One of the unfortunate things about my day job is that I have to manage a server running cPanel. Some folks insist on cPanel because it has all these fancy gewgaws, features, widgets, and the like. However, once you start trying to manage a server running cPanel for more than a few trivial web sites, you start to discover just how terribly engineered it is, and it has absolutely no excuse for that. One particular feature I recently tripped over hard is cphulkd, which is cPanel’s answer to brute force detection.
Now, the notion of detecting brute force attacks is a good one. I have no issues with that at all, and, in fact, it’s a very good thing to be operating on a server. However, cphulkd has some serious design flaws. This is best illustrated by anecdote.
Today, I received a report from a customer that their web site was showing the dreaded “Internal Server Error” page. Because I have PHP configured to use suPHP (for good reason which I won’t get into here), every request to a PHP page will spawn a PHP interpreter process. When too many of those are spawned, the internal server error appears. This is actually a good thing because it prevents a runaway web site form totally exhausting server resources in most cases. However, in this case, I could see that the PHP processes were spawning as desired but they were not exiting. Also, the load average on the system was through the roof. (It took almost 10 minutes to actually log in.)
The first thing I did was kill off the PHP processes. Sometimes it’s just a case of the system getting hit hard and then thrashing itself to death trying to recover when the load goes back to normal. That did seem to help some, but not nearly as much as it should have. (The load average went from 40 to 20 and response was still slow.) That meant there had to be something else going on. However, the server was so slow to respond that I did something that Unix types rarely do. I rebooted it. In a thrashing situation, that can be the best solution because it clears any state that might be exacerbating the problem and the time during which the server is offline during the reboot can cause traffic to abate somewhat.
The reboot seemed to help for a while. However, as I usually do in these situations, I watched the load for a while using the trusty top command. After a while, I saw the load slowly creeping upward. But I also noticed that the process running the system the hardest was mysql. I looked around in mysql and found that there was this cphulk stuff going on there. It was making fairly regular queries of one sort or another. Often enough that “show processlist” would show them. “Aha!” I thought. It looked like I had a smoking gun.

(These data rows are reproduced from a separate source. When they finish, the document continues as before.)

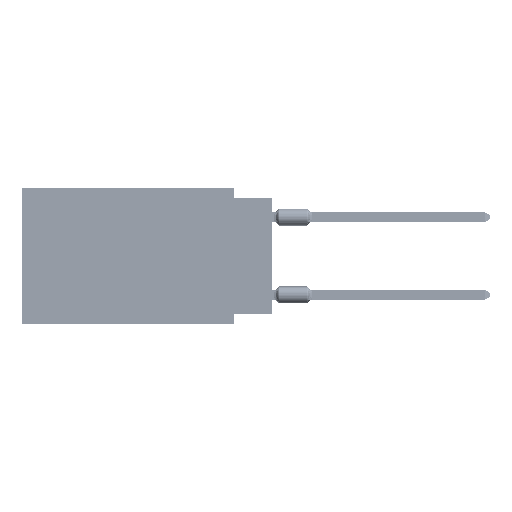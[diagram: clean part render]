
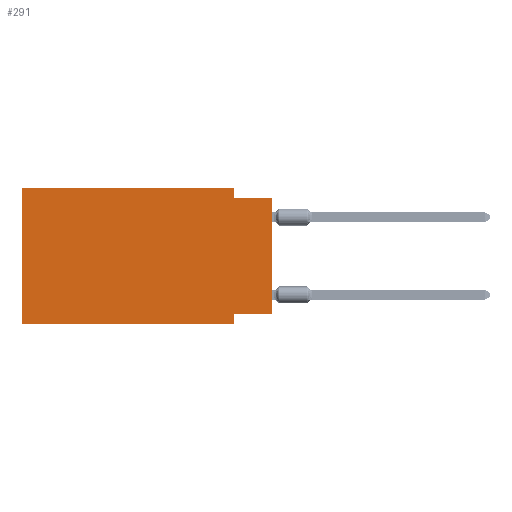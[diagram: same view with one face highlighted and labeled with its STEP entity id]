
A CAD part, left-side view. The second image highlights one B-rep face of the part: STEP entity #291.
In plain terms, the highlighted planar face has unit normal (-1, 0, 0).
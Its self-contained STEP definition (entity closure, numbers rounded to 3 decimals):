
#291 = ADVANCED_FACE ( 'NONE', ( #21633 ), #72158, .F. ) ;
#5909 = DIRECTION ( 'NONE',  ( 0., 0., -1. ) ) ;
#5969 = VECTOR ( 'NONE', #82166, 1000. ) ;
#6074 = DIRECTION ( 'NONE',  ( 0., 0., -1. ) ) ;
#6547 = ORIENTED_EDGE ( 'NONE', *, *, #9270, .T. ) ;
#9270 = EDGE_CURVE ( 'NONE', #107478, #55051, #13690, .T. ) ;
#10984 = VECTOR ( 'NONE', #6074, 1000. ) ;
#11124 = CARTESIAN_POINT ( 'NONE',  ( 0., 2.54, -0.635 ) ) ;
#12440 = EDGE_CURVE ( 'NONE', #107478, #104794, #70521, .T. ) ;
#13690 = LINE ( 'NONE', #47887, #5969 ) ;
#16508 = CARTESIAN_POINT ( 'NONE',  ( 0., 16.383, -8.89 ) ) ;
#18534 = VECTOR ( 'NONE', #59920, 1000. ) ;
#21633 = FACE_OUTER_BOUND ( 'NONE', #46931, .T. ) ;
#21786 = LINE ( 'NONE', #32410, #10984 ) ;
#24450 = VERTEX_POINT ( 'NONE', #71417 ) ;
#26849 = ORIENTED_EDGE ( 'NONE', *, *, #78373, .F. ) ;
#27070 = EDGE_CURVE ( 'NONE', #24450, #96929, #105320, .T. ) ;
#30016 = ORIENTED_EDGE ( 'NONE', *, *, #12440, .F. ) ;
#30793 = LINE ( 'NONE', #99834, #37517 ) ;
#31486 = VECTOR ( 'NONE', #52539, 1000. ) ;
#32145 = CARTESIAN_POINT ( 'NONE',  ( 0., 0., 0. ) ) ;
#32334 = VECTOR ( 'NONE', #58522, 1000. ) ;
#32410 = CARTESIAN_POINT ( 'NONE',  ( 0., 2.54, -8.89 ) ) ;
#37517 = VECTOR ( 'NONE', #99274, 1000. ) ;
#39403 = DIRECTION ( 'NONE',  ( 0., -1., 0. ) ) ;
#42550 = EDGE_CURVE ( 'NONE', #96929, #55051, #21786, .T. ) ;
#43508 = EDGE_CURVE ( 'NONE', #24450, #66420, #59636, .T. ) ;
#46931 = EDGE_LOOP ( 'NONE', ( #94204, #26849, #52269, #101340, #30016, #6547, #60617, #93589 ) ) ;
#47887 = CARTESIAN_POINT ( 'NONE',  ( 0., 16.383, -8.89 ) ) ;
#48288 = LINE ( 'NONE', #97722, #86698 ) ;
#52269 = ORIENTED_EDGE ( 'NONE', *, *, #88830, .F. ) ;
#52539 = DIRECTION ( 'NONE',  ( 0., 0., 1. ) ) ;
#55051 = VERTEX_POINT ( 'NONE', #62888 ) ;
#58135 = CARTESIAN_POINT ( 'NONE',  ( 0., 2.54, 0. ) ) ;
#58522 = DIRECTION ( 'NONE',  ( 0., 0., 1. ) ) ;
#59636 = LINE ( 'NONE', #32145, #32334 ) ;
#59920 = DIRECTION ( 'NONE',  ( 0., 1., 0. ) ) ;
#60617 = ORIENTED_EDGE ( 'NONE', *, *, #42550, .F. ) ;
#62888 = CARTESIAN_POINT ( 'NONE',  ( 0., 2.54, -8.89 ) ) ;
#66420 = VERTEX_POINT ( 'NONE', #104063 ) ;
#70289 = AXIS2_PLACEMENT_3D ( 'NONE', #82803, #89574, #5909 ) ;
#70521 = LINE ( 'NONE', #102529, #31486 ) ;
#71417 = CARTESIAN_POINT ( 'NONE',  ( 0., 0., -8.255 ) ) ;
#72158 = PLANE ( 'NONE',  #70289 ) ;
#78373 = EDGE_CURVE ( 'NONE', #99932, #66420, #30793, .T. ) ;
#78708 = VECTOR ( 'NONE', #39403, 1000. ) ;
#81529 = CARTESIAN_POINT ( 'NONE',  ( 0., 16.383, 0. ) ) ;
#82166 = DIRECTION ( 'NONE',  ( 0., -1., 0. ) ) ;
#82803 = CARTESIAN_POINT ( 'NONE',  ( 0., 16.383, 0. ) ) ;
#86698 = VECTOR ( 'NONE', #108342, 1000. ) ;
#87213 = LINE ( 'NONE', #81529, #78708 ) ;
#87411 = CARTESIAN_POINT ( 'NONE',  ( 0., 0., -8.255 ) ) ;
#88830 = EDGE_CURVE ( 'NONE', #92773, #99932, #48288, .T. ) ;
#89574 = DIRECTION ( 'NONE',  ( 1., 0., 0. ) ) ;
#92773 = VERTEX_POINT ( 'NONE', #58135 ) ;
#93589 = ORIENTED_EDGE ( 'NONE', *, *, #27070, .F. ) ;
#94204 = ORIENTED_EDGE ( 'NONE', *, *, #43508, .T. ) ;
#95902 = CARTESIAN_POINT ( 'NONE',  ( 0., 16.383, 0. ) ) ;
#96929 = VERTEX_POINT ( 'NONE', #107859 ) ;
#97722 = CARTESIAN_POINT ( 'NONE',  ( 0., 2.54, 0. ) ) ;
#99274 = DIRECTION ( 'NONE',  ( 0., -1., 0. ) ) ;
#99834 = CARTESIAN_POINT ( 'NONE',  ( 0., 0., -0.635 ) ) ;
#99932 = VERTEX_POINT ( 'NONE', #11124 ) ;
#101340 = ORIENTED_EDGE ( 'NONE', *, *, #110022, .F. ) ;
#102529 = CARTESIAN_POINT ( 'NONE',  ( 0., 16.383, 0. ) ) ;
#104063 = CARTESIAN_POINT ( 'NONE',  ( 0., 0., -0.635 ) ) ;
#104794 = VERTEX_POINT ( 'NONE', #95902 ) ;
#105320 = LINE ( 'NONE', #87411, #18534 ) ;
#107478 = VERTEX_POINT ( 'NONE', #16508 ) ;
#107859 = CARTESIAN_POINT ( 'NONE',  ( 0., 2.54, -8.255 ) ) ;
#108342 = DIRECTION ( 'NONE',  ( 0., 0., -1. ) ) ;
#110022 = EDGE_CURVE ( 'NONE', #104794, #92773, #87213, .T. ) ;

I poked around a bit and realized that this was the brute force protection gimmick in cPanel. But why was it using mysql to store its state? I can think of less efficient ways to do it, but not many. I mean, something like that is going to get hit many times per second when an actual attack is going on. Why use something that inefficient to store its state? So, I decided to disable cphulkd and see what happened.
Meanwhile, the load average had crept back up to the 20 range and the WHM interface in cPanel wasn’t responding. No worries. I broke out my trusy google-fu and discovered how to disable cphulkd on the command line. (It’s not as obvious as it ought to be, but there you go.) Within seconds of stopping cphulkd, the load average on the server dropped from 20 to around 1. With a single brute force probe from a single IP address going on (I checked the logs), cphulkd was using almost 100% of the server’s resources. Meanwhile, with cphulkd disabled, SSHD was happily rejecting bad logins at the rate of many per second without the server even noticing the resource usage.
Now, remember when I said that brute force protection is a good thing? I didn’t want to leave the server without it so I did some research. I found an alterate system for doing the same thing which had a cPanel interface and installed it. I did a bit of testing, configured it. Once I enabled it fully, it blocked the brute force attack almost instantly. Meanwhile, the server load has barely gotten as high as 1.
Here’s the thing. This server has never been this responsive. Ever. Sure, it’s a virtual server and you expect that to be less efficient, but the slowness could not be accounted for by resource contention between virtual servers. For one, other virtual servers on the same physical server, with fewer resources allocated to them, were performing substantially better. So now I know why cPanel was performing so abysmally. It was all down to one service that was so horribly designed that it brought the entire server to its knees simply due to the internet background radiation.
There are other aspects of cPanel that are dreadfully designed, but I think cphulkd is probably the absolute worst of the lot.